> **What is needed**: Which lines have the string "mechanical"? Copy all of them from the entries below.

> **Items from a dataset**:
((

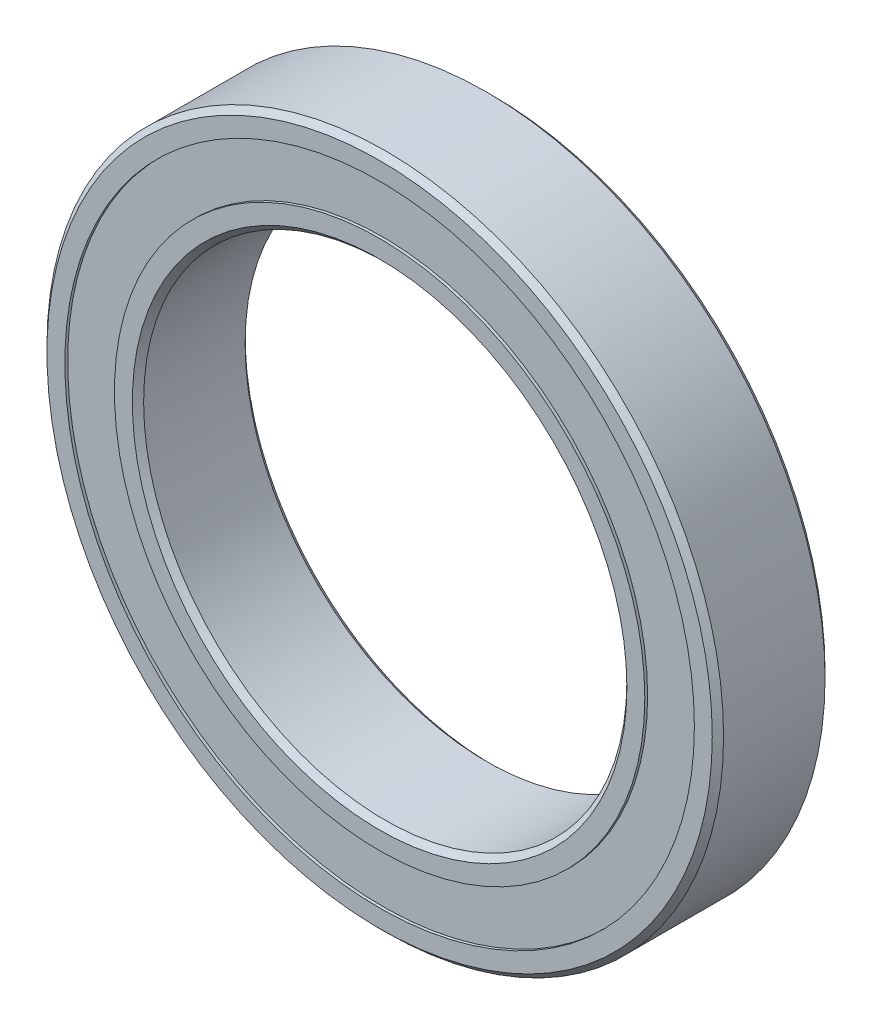
ISO-10303-21;
HEADER;
FILE_DESCRIPTION(('STEP AP214'),'2;1');
FILE_NAME('part.step','',(''),(''),'','','');
FILE_SCHEMA(('AUTOMOTIVE_DESIGN { 1 0 10303 214 1 1 1 1 }'));
ENDSEC;
DATA;
#1=APPLICATION_CONTEXT('core data for automotive mechanical design processes');
#2=APPLICATION_PROTOCOL_DEFINITION('international standard','automotive_design',2000,#1);
#3=PRODUCT_CONTEXT('',#1,'mechanical');
#4=PRODUCT('Part','Part','',(#3));
#5=PRODUCT_RELATED_PRODUCT_CATEGORY('part','',(#4));
#6=PRODUCT_DEFINITION_FORMATION('','',#4);
#7=PRODUCT_DEFINITION_CONTEXT('part definition',#1,'design');
#8=PRODUCT_DEFINITION('design','',#6,#7);
#9=PRODUCT_DEFINITION_SHAPE('','',#8);
#10=(LENGTH_UNIT() NAMED_UNIT(*) SI_UNIT(.MILLI.,.METRE.));
#11=(NAMED_UNIT(*) PLANE_ANGLE_UNIT() SI_UNIT($,.RADIAN.));
#12=(NAMED_UNIT(*) SI_UNIT($,.STERADIAN.) SOLID_ANGLE_UNIT());
#13=UNCERTAINTY_MEASURE_WITH_UNIT(LENGTH_MEASURE(1.E-05),#10,'distance_accuracy_value','');
#14=(GEOMETRIC_REPRESENTATION_CONTEXT(3) GLOBAL_UNCERTAINTY_ASSIGNED_CONTEXT((#13)) GLOBAL_UNIT_ASSIGNED_CONTEXT((#10,
#11,#12)) REPRESENTATION_CONTEXT('',''));
#15=CARTESIAN_POINT('',(0.,0.,0.));
#16=DIRECTION('',(0.,0.,1.));
#17=DIRECTION('',(1.,0.,0.));
#18=AXIS2_PLACEMENT_3D('',#15,#16,#17);
#19=CARTESIAN_POINT('',(0.,19.5384615384615,-3.32500000000001));
#20=DIRECTION('',(0.,0.,1.));
#21=DIRECTION('',(1.,0.,0.));
#22=AXIS2_PLACEMENT_3D('',#19,#20,#21);
#23=PLANE('',#22);
#24=CARTESIAN_POINT('',(0.,0.,-3.32500000000001));
#25=DIRECTION('',(0.,0.,1.));
#26=DIRECTION('',(1.,0.,0.));
#27=AXIS2_PLACEMENT_3D('',#24,#25,#26);
#28=CIRCLE('',#27,19.5384615384615);
#29=CARTESIAN_POINT('',(19.5384615384615,0.,-3.32500000000001));
#30=VERTEX_POINT('',#29);
#31=EDGE_CURVE('E55',#30,#30,#28,.T.);
#32=ORIENTED_EDGE('',*,*,#31,.F.);
#33=EDGE_LOOP('',(#32));
#34=FACE_BOUND('',#33,.T.);
#35=CARTESIAN_POINT('',(0.,0.,-3.32500000000001));
#36=DIRECTION('',(0.,0.,1.));
#37=DIRECTION('',(1.,0.,0.));
#38=AXIS2_PLACEMENT_3D('',#35,#36,#37);
#39=CIRCLE('',#38,16.4615384615385);
#40=CARTESIAN_POINT('',(16.4615384615385,0.,-3.32500000000001));
#41=VERTEX_POINT('',#40);
#42=EDGE_CURVE('E11',#41,#41,#39,.T.);
#43=ORIENTED_EDGE('',*,*,#42,.T.);
#44=EDGE_LOOP('',(#43));
#45=FACE_BOUND('',#44,.T.);
#46=ADVANCED_FACE('F41',(#34,#45),#23,.F.);
#47=CARTESIAN_POINT('',(0.,0.,3.5));
#48=DIRECTION('',(0.,0.,1.));
#49=DIRECTION('',(1.,0.,0.));
#50=AXIS2_PLACEMENT_3D('',#47,#48,#49);
#51=CYLINDRICAL_SURFACE('',#50,16.4615384615385);
#52=ORIENTED_EDGE('',*,*,#42,.F.);
#53=EDGE_LOOP('',(#52));
#54=FACE_BOUND('',#53,.T.);
#55=CARTESIAN_POINT('',(0.,0.,-2.18783385835058));
#56=DIRECTION('',(0.,0.,1.));
#57=DIRECTION('',(1.,0.,0.));
#58=AXIS2_PLACEMENT_3D('',#55,#56,#57);
#59=CIRCLE('',#58,16.4615384615385);
#60=CARTESIAN_POINT('',(16.4615384615385,0.,-2.18783385835058));
#61=VERTEX_POINT('',#60);
#62=EDGE_CURVE('E47',#61,#61,#59,.T.);
#63=ORIENTED_EDGE('',*,*,#62,.T.);
#64=EDGE_LOOP('',(#63));
#65=FACE_BOUND('',#64,.T.);
#66=ADVANCED_FACE('F64',(#54,#65),#51,.F.);
#67=CARTESIAN_POINT('',(0.,19.5384615384615,-2.18783385835058));
#68=DIRECTION('',(0.,0.,-1.));
#69=DIRECTION('',(-1.,0.,0.));
#70=AXIS2_PLACEMENT_3D('',#67,#68,#69);
#71=PLANE('',#70);
#72=ORIENTED_EDGE('',*,*,#62,.F.);
#73=EDGE_LOOP('',(#72));
#74=FACE_BOUND('',#73,.T.);
#75=CARTESIAN_POINT('',(0.,0.,-2.18783385835058));
#76=DIRECTION('',(0.,0.,1.));
#77=DIRECTION('',(1.,0.,0.));
#78=AXIS2_PLACEMENT_3D('',#75,#76,#77);
#79=CIRCLE('',#78,19.5384615384615);
#80=CARTESIAN_POINT('',(19.5384615384615,0.,-2.18783385835058));
#81=VERTEX_POINT('',#80);
#82=EDGE_CURVE('E51',#81,#81,#79,.T.);
#83=ORIENTED_EDGE('',*,*,#82,.T.);
#84=EDGE_LOOP('',(#83));
#85=FACE_BOUND('',#84,.T.);
#86=ADVANCED_FACE('F68',(#74,#85),#71,.F.);
#87=CARTESIAN_POINT('',(0.,0.,3.5));
#88=DIRECTION('',(0.,0.,1.));
#89=DIRECTION('',(1.,0.,0.));
#90=AXIS2_PLACEMENT_3D('',#87,#88,#89);
#91=CYLINDRICAL_SURFACE('',#90,19.5384615384615);
#92=ORIENTED_EDGE('',*,*,#82,.F.);
#93=EDGE_LOOP('',(#92));
#94=FACE_BOUND('',#93,.T.);
#95=ORIENTED_EDGE('',*,*,#31,.T.);
#96=EDGE_LOOP('',(#95));
#97=FACE_BOUND('',#96,.T.);
#98=ADVANCED_FACE('F61',(#94,#97),#91,.T.);
#99=CLOSED_SHELL('',(#46,#66,#86,#98));
#100=MANIFOLD_SOLID_BREP('B2',#99);
#101=CARTESIAN_POINT('',(0.,19.5384615384615,3.325));
#102=DIRECTION('',(0.,0.,-1.));
#103=DIRECTION('',(-1.,0.,0.));
#104=AXIS2_PLACEMENT_3D('',#101,#102,#103);
#105=PLANE('',#104);
#106=CARTESIAN_POINT('',(0.,0.,3.325));
#107=DIRECTION('',(0.,0.,1.));
#108=DIRECTION('',(1.,0.,0.));
#109=AXIS2_PLACEMENT_3D('',#106,#107,#108);
#110=CIRCLE('',#109,16.4615384615385);
#111=CARTESIAN_POINT('',(16.4615384615385,0.,3.325));
#112=VERTEX_POINT('',#111);
#113=EDGE_CURVE('E40',#112,#112,#110,.T.);
#114=ORIENTED_EDGE('',*,*,#113,.F.);
#115=EDGE_LOOP('',(#114));
#116=FACE_BOUND('',#115,.T.);
#117=CARTESIAN_POINT('',(0.,0.,3.325));
#118=DIRECTION('',(0.,0.,1.));
#119=DIRECTION('',(1.,0.,0.));
#120=AXIS2_PLACEMENT_3D('',#117,#118,#119);
#121=CIRCLE('',#120,19.5384615384615);
#122=CARTESIAN_POINT('',(19.5384615384615,0.,3.325));
#123=VERTEX_POINT('',#122);
#124=EDGE_CURVE('E122',#123,#123,#121,.T.);
#125=ORIENTED_EDGE('',*,*,#124,.T.);
#126=EDGE_LOOP('',(#125));
#127=FACE_BOUND('',#126,.T.);
#128=ADVANCED_FACE('F108',(#116,#127),#105,.F.);
#129=CARTESIAN_POINT('',(0.,0.,3.5));
#130=DIRECTION('',(0.,0.,1.));
#131=DIRECTION('',(1.,0.,0.));
#132=AXIS2_PLACEMENT_3D('',#129,#130,#131);
#133=CYLINDRICAL_SURFACE('',#132,16.4615384615385);
#134=CARTESIAN_POINT('',(0.,0.,2.18783385835058));
#135=DIRECTION('',(0.,0.,1.));
#136=DIRECTION('',(1.,0.,0.));
#137=AXIS2_PLACEMENT_3D('',#134,#135,#136);
#138=CIRCLE('',#137,16.4615384615385);
#139=CARTESIAN_POINT('',(16.4615384615385,0.,2.18783385835058));
#140=VERTEX_POINT('',#139);
#141=EDGE_CURVE('E114',#140,#140,#138,.T.);
#142=ORIENTED_EDGE('',*,*,#141,.F.);
#143=EDGE_LOOP('',(#142));
#144=FACE_BOUND('',#143,.T.);
#145=ORIENTED_EDGE('',*,*,#113,.T.);
#146=EDGE_LOOP('',(#145));
#147=FACE_BOUND('',#146,.T.);
#148=ADVANCED_FACE('F137',(#144,#147),#133,.F.);
#149=CARTESIAN_POINT('',(0.,19.5384615384615,2.18783385835058));
#150=DIRECTION('',(0.,0.,1.));
#151=DIRECTION('',(1.,0.,0.));
#152=AXIS2_PLACEMENT_3D('',#149,#150,#151);
#153=PLANE('',#152);
#154=CARTESIAN_POINT('',(0.,0.,2.18783385835058));
#155=DIRECTION('',(0.,0.,1.));
#156=DIRECTION('',(1.,0.,0.));
#157=AXIS2_PLACEMENT_3D('',#154,#155,#156);
#158=CIRCLE('',#157,19.5384615384615);
#159=CARTESIAN_POINT('',(19.5384615384615,0.,2.18783385835058));
#160=VERTEX_POINT('',#159);
#161=EDGE_CURVE('E118',#160,#160,#158,.T.);
#162=ORIENTED_EDGE('',*,*,#161,.F.);
#163=EDGE_LOOP('',(#162));
#164=FACE_BOUND('',#163,.T.);
#165=ORIENTED_EDGE('',*,*,#141,.T.);
#166=EDGE_LOOP('',(#165));
#167=FACE_BOUND('',#166,.T.);
#168=ADVANCED_FACE('F132',(#164,#167),#153,.F.);
#169=CARTESIAN_POINT('',(0.,0.,3.5));
#170=DIRECTION('',(0.,0.,1.));
#171=DIRECTION('',(1.,0.,0.));
#172=AXIS2_PLACEMENT_3D('',#169,#170,#171);
#173=CYLINDRICAL_SURFACE('',#172,19.5384615384615);
#174=ORIENTED_EDGE('',*,*,#124,.F.);
#175=EDGE_LOOP('',(#174));
#176=FACE_BOUND('',#175,.T.);
#177=ORIENTED_EDGE('',*,*,#161,.T.);
#178=EDGE_LOOP('',(#177));
#179=FACE_BOUND('',#178,.T.);
#180=ADVANCED_FACE('F129',(#176,#179),#173,.T.);
#181=CLOSED_SHELL('',(#128,#148,#168,#180));
#182=MANIFOLD_SOLID_BREP('B6',#181);
#183=CARTESIAN_POINT('',(-8.9999999999998,15.58845726812,0.));
#184=DIRECTION('',(0.,0.,1.));
#185=DIRECTION('',(-0.499999999999989,0.866025403784445,0.));
#186=AXIS2_PLACEMENT_3D('',#183,#184,#185);
#187=SPHERICAL_SURFACE('',#186,2.18783385835058);
#188=CARTESIAN_POINT('',(-8.9999999999998,15.58845726812,2.18783385835058));
#189=VERTEX_POINT('',#188);
#190=VERTEX_LOOP('',#189);
#191=FACE_BOUND('',#190,.T.);
#192=ADVANCED_FACE('F175',(#191),#187,.T.);
#193=CLOSED_SHELL('',(#192));
#194=MANIFOLD_SOLID_BREP('B35',#193);
#195=CARTESIAN_POINT('',(-15.5884572681198,9.00000000000018,0.));
#196=DIRECTION('',(0.,0.,1.));
#197=DIRECTION('',(-0.866025403784433,0.50000000000001,0.));
#198=AXIS2_PLACEMENT_3D('',#195,#196,#197);
#199=SPHERICAL_SURFACE('',#198,2.18783385835058);
#200=CARTESIAN_POINT('',(-15.5884572681198,9.00000000000018,2.18783385835058));
#201=VERTEX_POINT('',#200);
#202=VERTEX_LOOP('',#201);
#203=FACE_BOUND('',#202,.T.);
#204=ADVANCED_FACE('F195',(#203),#199,.T.);
#205=CLOSED_SHELL('',(#204));
#206=MANIFOLD_SOLID_BREP('B104',#205);
#207=CARTESIAN_POINT('',(-18.,1.88539992297529E-13,0.));
#208=DIRECTION('',(0.,0.,1.));
#209=DIRECTION('',(-1.,0.,0.));
#210=AXIS2_PLACEMENT_3D('',#207,#208,#209);
#211=SPHERICAL_SURFACE('',#210,2.18783385835058);
#212=CARTESIAN_POINT('',(-18.,1.88539992297529E-13,2.18783385835058));
#213=VERTEX_POINT('',#212);
#214=VERTEX_LOOP('',#213);
#215=FACE_BOUND('',#214,.T.);
#216=ADVANCED_FACE('F215',(#215),#211,.T.);
#217=CLOSED_SHELL('',(#216));
#218=MANIFOLD_SOLID_BREP('B171',#217);
#219=CARTESIAN_POINT('',(-15.58845726812,-8.99999999999986,0.));
#220=DIRECTION('',(0.,0.,1.));
#221=DIRECTION('',(-0.866025403784443,-0.499999999999992,0.));
#222=AXIS2_PLACEMENT_3D('',#219,#220,#221);
#223=SPHERICAL_SURFACE('',#222,2.18783385835058);
#224=CARTESIAN_POINT('',(-15.58845726812,-8.99999999999986,2.18783385835058));
#225=VERTEX_POINT('',#224);
#226=VERTEX_LOOP('',#225);
#227=FACE_BOUND('',#226,.T.);
#228=ADVANCED_FACE('F235',(#227),#223,.T.);
#229=CLOSED_SHELL('',(#228));
#230=MANIFOLD_SOLID_BREP('B191',#229);
#231=CARTESIAN_POINT('',(-9.00000000000013,-15.5884572681198,0.));
#232=DIRECTION('',(0.,0.,1.));
#233=DIRECTION('',(-0.500000000000007,-0.866025403784435,0.));
#234=AXIS2_PLACEMENT_3D('',#231,#232,#233);
#235=SPHERICAL_SURFACE('',#234,2.18783385835058);
#236=CARTESIAN_POINT('',(-9.00000000000013,-15.5884572681198,2.18783385835058));
#237=VERTEX_POINT('',#236);
#238=VERTEX_LOOP('',#237);
#239=FACE_BOUND('',#238,.T.);
#240=ADVANCED_FACE('F255',(#239),#235,.T.);
#241=CLOSED_SHELL('',(#240));
#242=MANIFOLD_SOLID_BREP('B211',#241);
#243=CARTESIAN_POINT('',(-1.25693328198353E-13,-18.,0.));
#244=DIRECTION('',(0.,0.,1.));
#245=DIRECTION('',(0.,-1.,0.));
#246=AXIS2_PLACEMENT_3D('',#243,#244,#245);
#247=SPHERICAL_SURFACE('',#246,2.18783385835058);
#248=CARTESIAN_POINT('',(-1.25693328198353E-13,-18.,2.18783385835058));
#249=VERTEX_POINT('',#248);
#250=VERTEX_LOOP('',#249);
#251=FACE_BOUND('',#250,.T.);
#252=ADVANCED_FACE('F275',(#251),#247,.T.);
#253=CLOSED_SHELL('',(#252));
#254=MANIFOLD_SOLID_BREP('B231',#253);
#255=CARTESIAN_POINT('',(8.99999999999991,-15.5884572681199,0.));
#256=DIRECTION('',(0.,0.,1.));
#257=DIRECTION('',(0.499999999999995,-0.866025403784442,0.));
#258=AXIS2_PLACEMENT_3D('',#255,#256,#257);
#259=SPHERICAL_SURFACE('',#258,2.18783385835058);
#260=CARTESIAN_POINT('',(8.99999999999991,-15.5884572681199,2.18783385835058));
#261=VERTEX_POINT('',#260);
#262=VERTEX_LOOP('',#261);
#263=FACE_BOUND('',#262,.T.);
#264=ADVANCED_FACE('F295',(#263),#259,.T.);
#265=CLOSED_SHELL('',(#264));
#266=MANIFOLD_SOLID_BREP('B251',#265);
#267=CARTESIAN_POINT('',(15.5884572681199,-9.00000000000008,0.));
#268=DIRECTION('',(0.,0.,1.));
#269=DIRECTION('',(0.866025403784436,-0.500000000000004,0.));
#270=AXIS2_PLACEMENT_3D('',#267,#268,#269);
#271=SPHERICAL_SURFACE('',#270,2.18783385835058);
#272=CARTESIAN_POINT('',(15.5884572681199,-9.00000000000008,2.18783385835058));
#273=VERTEX_POINT('',#272);
#274=VERTEX_LOOP('',#273);
#275=FACE_BOUND('',#274,.T.);
#276=ADVANCED_FACE('F315',(#275),#271,.T.);
#277=CLOSED_SHELL('',(#276));
#278=MANIFOLD_SOLID_BREP('B271',#277);
#279=CARTESIAN_POINT('',(18.,0.,0.));
#280=DIRECTION('',(0.,0.,1.));
#281=DIRECTION('',(1.,0.,0.));
#282=AXIS2_PLACEMENT_3D('',#279,#280,#281);
#283=SPHERICAL_SURFACE('',#282,2.18783385835058);
#284=CARTESIAN_POINT('',(18.,0.,2.18783385835058));
#285=VERTEX_POINT('',#284);
#286=VERTEX_LOOP('',#285);
#287=FACE_BOUND('',#286,.T.);
#288=ADVANCED_FACE('F335',(#287),#283,.T.);
#289=CLOSED_SHELL('',(#288));
#290=MANIFOLD_SOLID_BREP('B291',#289);
#291=CARTESIAN_POINT('',(15.5884572681199,8.99999999999996,0.));
#292=DIRECTION('',(0.,0.,1.));
#293=DIRECTION('',(0.86602540378444,0.499999999999998,0.));
#294=AXIS2_PLACEMENT_3D('',#291,#292,#293);
#295=SPHERICAL_SURFACE('',#294,2.18783385835058);
#296=CARTESIAN_POINT('',(15.5884572681199,8.99999999999996,2.18783385835058));
#297=VERTEX_POINT('',#296);
#298=VERTEX_LOOP('',#297);
#299=FACE_BOUND('',#298,.T.);
#300=ADVANCED_FACE('F355',(#299),#295,.T.);
#301=CLOSED_SHELL('',(#300));
#302=MANIFOLD_SOLID_BREP('B311',#301);
#303=CARTESIAN_POINT('',(9.00000000000002,15.5884572681199,0.));
#304=DIRECTION('',(0.,0.,1.));
#305=DIRECTION('',(0.500000000000001,0.866025403784438,0.));
#306=AXIS2_PLACEMENT_3D('',#303,#304,#305);
#307=SPHERICAL_SURFACE('',#306,2.18783385835058);
#308=CARTESIAN_POINT('',(9.00000000000002,15.5884572681199,2.18783385835058));
#309=VERTEX_POINT('',#308);
#310=VERTEX_LOOP('',#309);
#311=FACE_BOUND('',#310,.T.);
#312=ADVANCED_FACE('F375',(#311),#307,.T.);
#313=CLOSED_SHELL('',(#312));
#314=MANIFOLD_SOLID_BREP('B331',#313);
#315=CARTESIAN_POINT('',(0.,18.,0.));
#316=DIRECTION('',(0.,0.,1.));
#317=DIRECTION('',(0.,1.,0.));
#318=AXIS2_PLACEMENT_3D('',#315,#316,#317);
#319=SPHERICAL_SURFACE('',#318,2.18783385835058);
#320=CARTESIAN_POINT('',(0.,18.,2.18783385835058));
#321=VERTEX_POINT('',#320);
#322=VERTEX_LOOP('',#321);
#323=FACE_BOUND('',#322,.T.);
#324=ADVANCED_FACE('F397',(#323),#319,.T.);
#325=CLOSED_SHELL('',(#324));
#326=MANIFOLD_SOLID_BREP('B351',#325);
#327=CARTESIAN_POINT('',(0.,16.4615384615385,3.5));
#328=DIRECTION('',(0.,0.,-1.));
#329=DIRECTION('',(-1.,0.,0.));
#330=AXIS2_PLACEMENT_3D('',#327,#328,#329);
#331=PLANE('',#330);
#332=CARTESIAN_POINT('',(0.,0.,3.5));
#333=DIRECTION('',(0.,0.,1.));
#334=DIRECTION('',(1.,0.,0.));
#335=AXIS2_PLACEMENT_3D('',#332,#333,#334);
#336=CIRCLE('',#335,15.35);
#337=CARTESIAN_POINT('',(15.35,0.,3.5));
#338=VERTEX_POINT('',#337);
#339=EDGE_CURVE('E444',#338,#338,#336,.T.);
#340=ORIENTED_EDGE('',*,*,#339,.F.);
#341=EDGE_LOOP('',(#340));
#342=FACE_BOUND('',#341,.T.);
#343=CARTESIAN_POINT('',(0.,0.,3.5));
#344=DIRECTION('',(0.,0.,1.));
#345=DIRECTION('',(1.,0.,0.));
#346=AXIS2_PLACEMENT_3D('',#343,#344,#345);
#347=CIRCLE('',#346,16.4615384615385);
#348=CARTESIAN_POINT('',(16.4615384615385,0.,3.5));
#349=VERTEX_POINT('',#348);
#350=EDGE_CURVE('E396',#349,#349,#347,.T.);
#351=ORIENTED_EDGE('',*,*,#350,.T.);
#352=EDGE_LOOP('',(#351));
#353=FACE_BOUND('',#352,.T.);
#354=ADVANCED_FACE('F416',(#342,#353),#331,.F.);
#355=CARTESIAN_POINT('',(0.,0.,3.5));
#356=DIRECTION('',(0.,0.,1.));
#357=DIRECTION('',(1.,0.,0.));
#358=AXIS2_PLACEMENT_3D('',#355,#356,#357);
#359=CYLINDRICAL_SURFACE('',#358,16.4615384615385);
#360=ORIENTED_EDGE('',*,*,#350,.F.);
#361=EDGE_LOOP('',(#360));
#362=FACE_BOUND('',#361,.T.);
#363=CARTESIAN_POINT('',(0.,0.,1.55555555555556));
#364=DIRECTION('',(0.,0.,1.));
#365=DIRECTION('',(1.,0.,0.));
#366=AXIS2_PLACEMENT_3D('',#363,#364,#365);
#367=CIRCLE('',#366,16.4615384615385);
#368=CARTESIAN_POINT('',(16.4615384615385,0.,1.55555555555556));
#369=VERTEX_POINT('',#368);
#370=EDGE_CURVE('E422',#369,#369,#367,.T.);
#371=ORIENTED_EDGE('',*,*,#370,.T.);
#372=EDGE_LOOP('',(#371));
#373=FACE_BOUND('',#372,.T.);
#374=ADVANCED_FACE('F451',(#362,#373),#359,.T.);
#375=CARTESIAN_POINT('',(0.,0.,0.));
#376=DIRECTION('',(0.,0.,1.));
#377=DIRECTION('',(1.,0.,0.));
#378=AXIS2_PLACEMENT_3D('',#375,#376,#377);
#379=TOROIDAL_SURFACE('',#378,18.,2.18783385835058);
#380=ORIENTED_EDGE('',*,*,#370,.F.);
#381=EDGE_LOOP('',(#380));
#382=FACE_BOUND('',#381,.T.);
#383=CARTESIAN_POINT('',(0.,0.,-1.55555555555556));
#384=DIRECTION('',(0.,0.,1.));
#385=DIRECTION('',(1.,0.,0.));
#386=AXIS2_PLACEMENT_3D('',#383,#384,#385);
#387=CIRCLE('',#386,16.4615384615385);
#388=CARTESIAN_POINT('',(16.4615384615385,0.,-1.55555555555556));
#389=VERTEX_POINT('',#388);
#390=EDGE_CURVE('E426',#389,#389,#387,.T.);
#391=ORIENTED_EDGE('',*,*,#390,.T.);
#392=EDGE_LOOP('',(#391));
#393=FACE_BOUND('',#392,.T.);
#394=ADVANCED_FACE('F455',(#382,#393),#379,.F.);
#395=CARTESIAN_POINT('',(0.,0.,3.5));
#396=DIRECTION('',(0.,0.,1.));
#397=DIRECTION('',(1.,0.,0.));
#398=AXIS2_PLACEMENT_3D('',#395,#396,#397);
#399=CYLINDRICAL_SURFACE('',#398,16.4615384615385);
#400=ORIENTED_EDGE('',*,*,#390,.F.);
#401=EDGE_LOOP('',(#400));
#402=FACE_BOUND('',#401,.T.);
#403=CARTESIAN_POINT('',(0.,0.,-3.5));
#404=DIRECTION('',(0.,0.,1.));
#405=DIRECTION('',(1.,0.,0.));
#406=AXIS2_PLACEMENT_3D('',#403,#404,#405);
#407=CIRCLE('',#406,16.4615384615385);
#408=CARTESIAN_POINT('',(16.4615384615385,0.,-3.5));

))

> **The answer**:
#1=APPLICATION_CONTEXT('core data for automotive mechanical design processes');
#3=PRODUCT_CONTEXT('',#1,'mechanical');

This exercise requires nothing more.